# Wo:empfehlenswerte dedizierter Server?



## mtb-news.de (29. November 2001)

Hi,
ich habe mich entschlosssen, demnächst auf einen dedizierten Server umzuziehen - nun stellt sich die Frage: bei wem?

Ich habe mich etwas umgesehen und -gehört, bisher habe ich nur gutes über diesen Anbieter gehört:

http://www.rackshack.net/
Dort gibt es für 99$/Monat folgendes:
1GHZ - 512 RAM - 20GB Hard Drive - 300GB Monthly Transfer

Hibt es hier in D vergleichbare Angebote? Könnt Ihr mir andere Anbieter im noch bezahlbaren Bereich empfehlen?

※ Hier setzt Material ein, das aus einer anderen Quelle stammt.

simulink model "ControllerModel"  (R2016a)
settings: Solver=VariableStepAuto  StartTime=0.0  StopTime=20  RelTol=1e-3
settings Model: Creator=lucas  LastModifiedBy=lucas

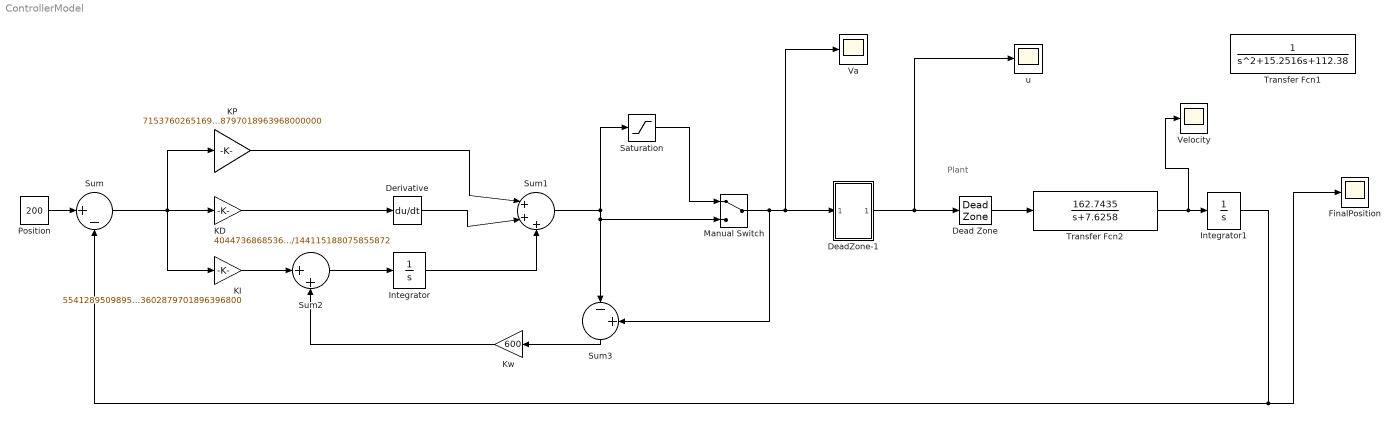
== system ControllerModel ==
  note: Plant
  Dead Zone : DeadZone  LowerValue=-0.02695  UpperValue=0.5449  ZeroCross=off  SaturateOnIntegerOverflow=on
  DeadZone-1 : Subsystem
  Derivative : Derivative
  FinalPosition : Scope
  Integrator : Integrator
  Integrator1 : Integrator
  KD : Gain  Gain=4044736868536971/144115188075855872
  KI : Gain  Gain=554128950989565027/3602879701896396800
  KP : Gain  Gain=7153760265169730591889/36028797018963968000000
  Kw : Gain  Gain=600
  Manual Switch : ManualSwitch
  Position : Constant  Value=200
  Saturation : Saturate  UpperLimit=6  LowerLimit=-6
  Sum : Sum  Inputs=|+-
  Sum1 : Sum  Inputs=|+++
  Sum2 : Sum  Inputs=|++
  Sum3 : Sum  Inputs=|-+
  Transfer Fcn1 : TransferFcn  Denominator=[1 15.2516 112.38]
  Transfer Fcn2 : TransferFcn  Numerator=[162.7435]  Denominator="[1  7.6258]"
  Va : Scope
  Velocity : Scope
  u : Scope
  wires:
  KP/1 -> Sum1/1
  Derivative/1 -> Sum1/2
  KD/1 -> Derivative/1
  Integrator/1 -> Sum1/3
  Sum2/1 -> Integrator/1
  KI/1 -> Sum2/1
  Sum/1 -> KI/1, KP/1, KD/1
  Sum1/1 -> Manual Switch/2, Sum3/1, Saturation/1
  Sum3/1 -> Kw/1
  Kw/1 -> Sum2/2
  Manual Switch/1 -> DeadZone-1/1(In1), Va/1, Sum3/2
  DeadZone-1/1(Out1) -> u/1, Dead Zone/1
  Integrator1/1 -> FinalPosition/1, Sum/2
  Transfer Fcn2/1 -> Velocity/1, Integrator1/1
  Dead Zone/1 -> Transfer Fcn2/1
  Position/1 -> Sum/1
  Saturation/1 -> Manual Switch/1

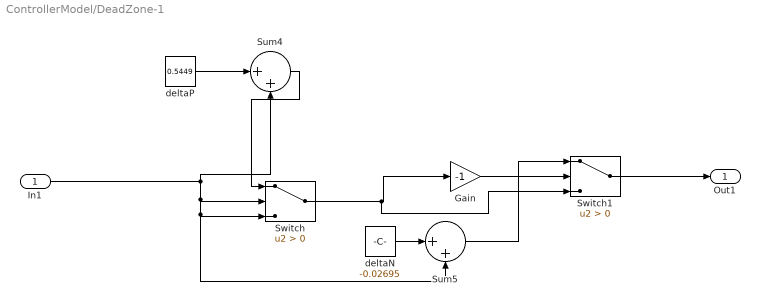
== system ControllerModel/DeadZone-1 ==
  In1 : Inport
  Gain : Gain  Gain=-1
  Sum4 : Sum  Inputs=|++
  Sum5 : Sum  Inputs=|++
  Switch : Switch  Criteria=u2 > Threshold
  Switch1 : Switch  Criteria=u2 > Threshold
  deltaN : Constant  Value=-0.02695
  deltaP : Constant  Value=0.5449
  Out1 : Outport
  wires:
  Sum4/1 -> Switch/1
  Switch/1 -> Switch1/3, Gain/1
  Sum5/1 -> Switch1/1
  Gain/1 -> Switch1/2
  deltaN/1 -> Sum5/1
  In1/1 -> Sum4/2, Switch/3, Sum5/2, Switch/2
  Switch1/1 -> Out1/1
  deltaP/1 -> Sum4/1

Info: Ich brauche (noch) nicht wirklich 300Gigs Traffic, auch sind die 20 GB HD noch deutlich zu gross bemessen - allerdings möchte ich nicht schon wieder in wenigen Monaten umziehen müssen...
Ich bin mit meinem aktuellen Provider sehr zufrieden, allerdings macht der wachsende Traffic das ganze inzwischen teuer, so dass ich mich nach etwas neuem umsehen muss

Danke & Grüße
Tom


----------



## Thimo Grauerholz (29. November 2001)

hi,
naja 

http://www.serverdome.de/

hat auch nette angebote.


----------



## Marcus Roffmann (29. November 2001)

http://www.domainfactory.de/ => Netter virtueller Server
http://www.hosteurope.de/ 0> gutes Preis/Leistungsverhältniss, sehr schnell (mein Anbieter, nur nicht als Dedi)

[edit]
http://www.puretec.de
http://www.schlund.de
[/edit]


----------



## mtb-news.de (1. Dezember 2001)

@ttrek:
serverdome ist superteuer - ein eigener Linux-Server kostet dort 370,-DM im Monat inklusive *5 GB* Traffic (ich zahle Zur Zeit je 10 GB 25,-DM/Monat....)
10 zusätzliche Gigs Traffic kosten bei Serverdome sportliche 183 DM!! Serverpharmacy wäre glaube ich passender 

Die anderen Anbieter sind mir alle bekannt - so richtig überzeugen kann mich davon aber keiner 
Werde weitersuchen
Tom


----------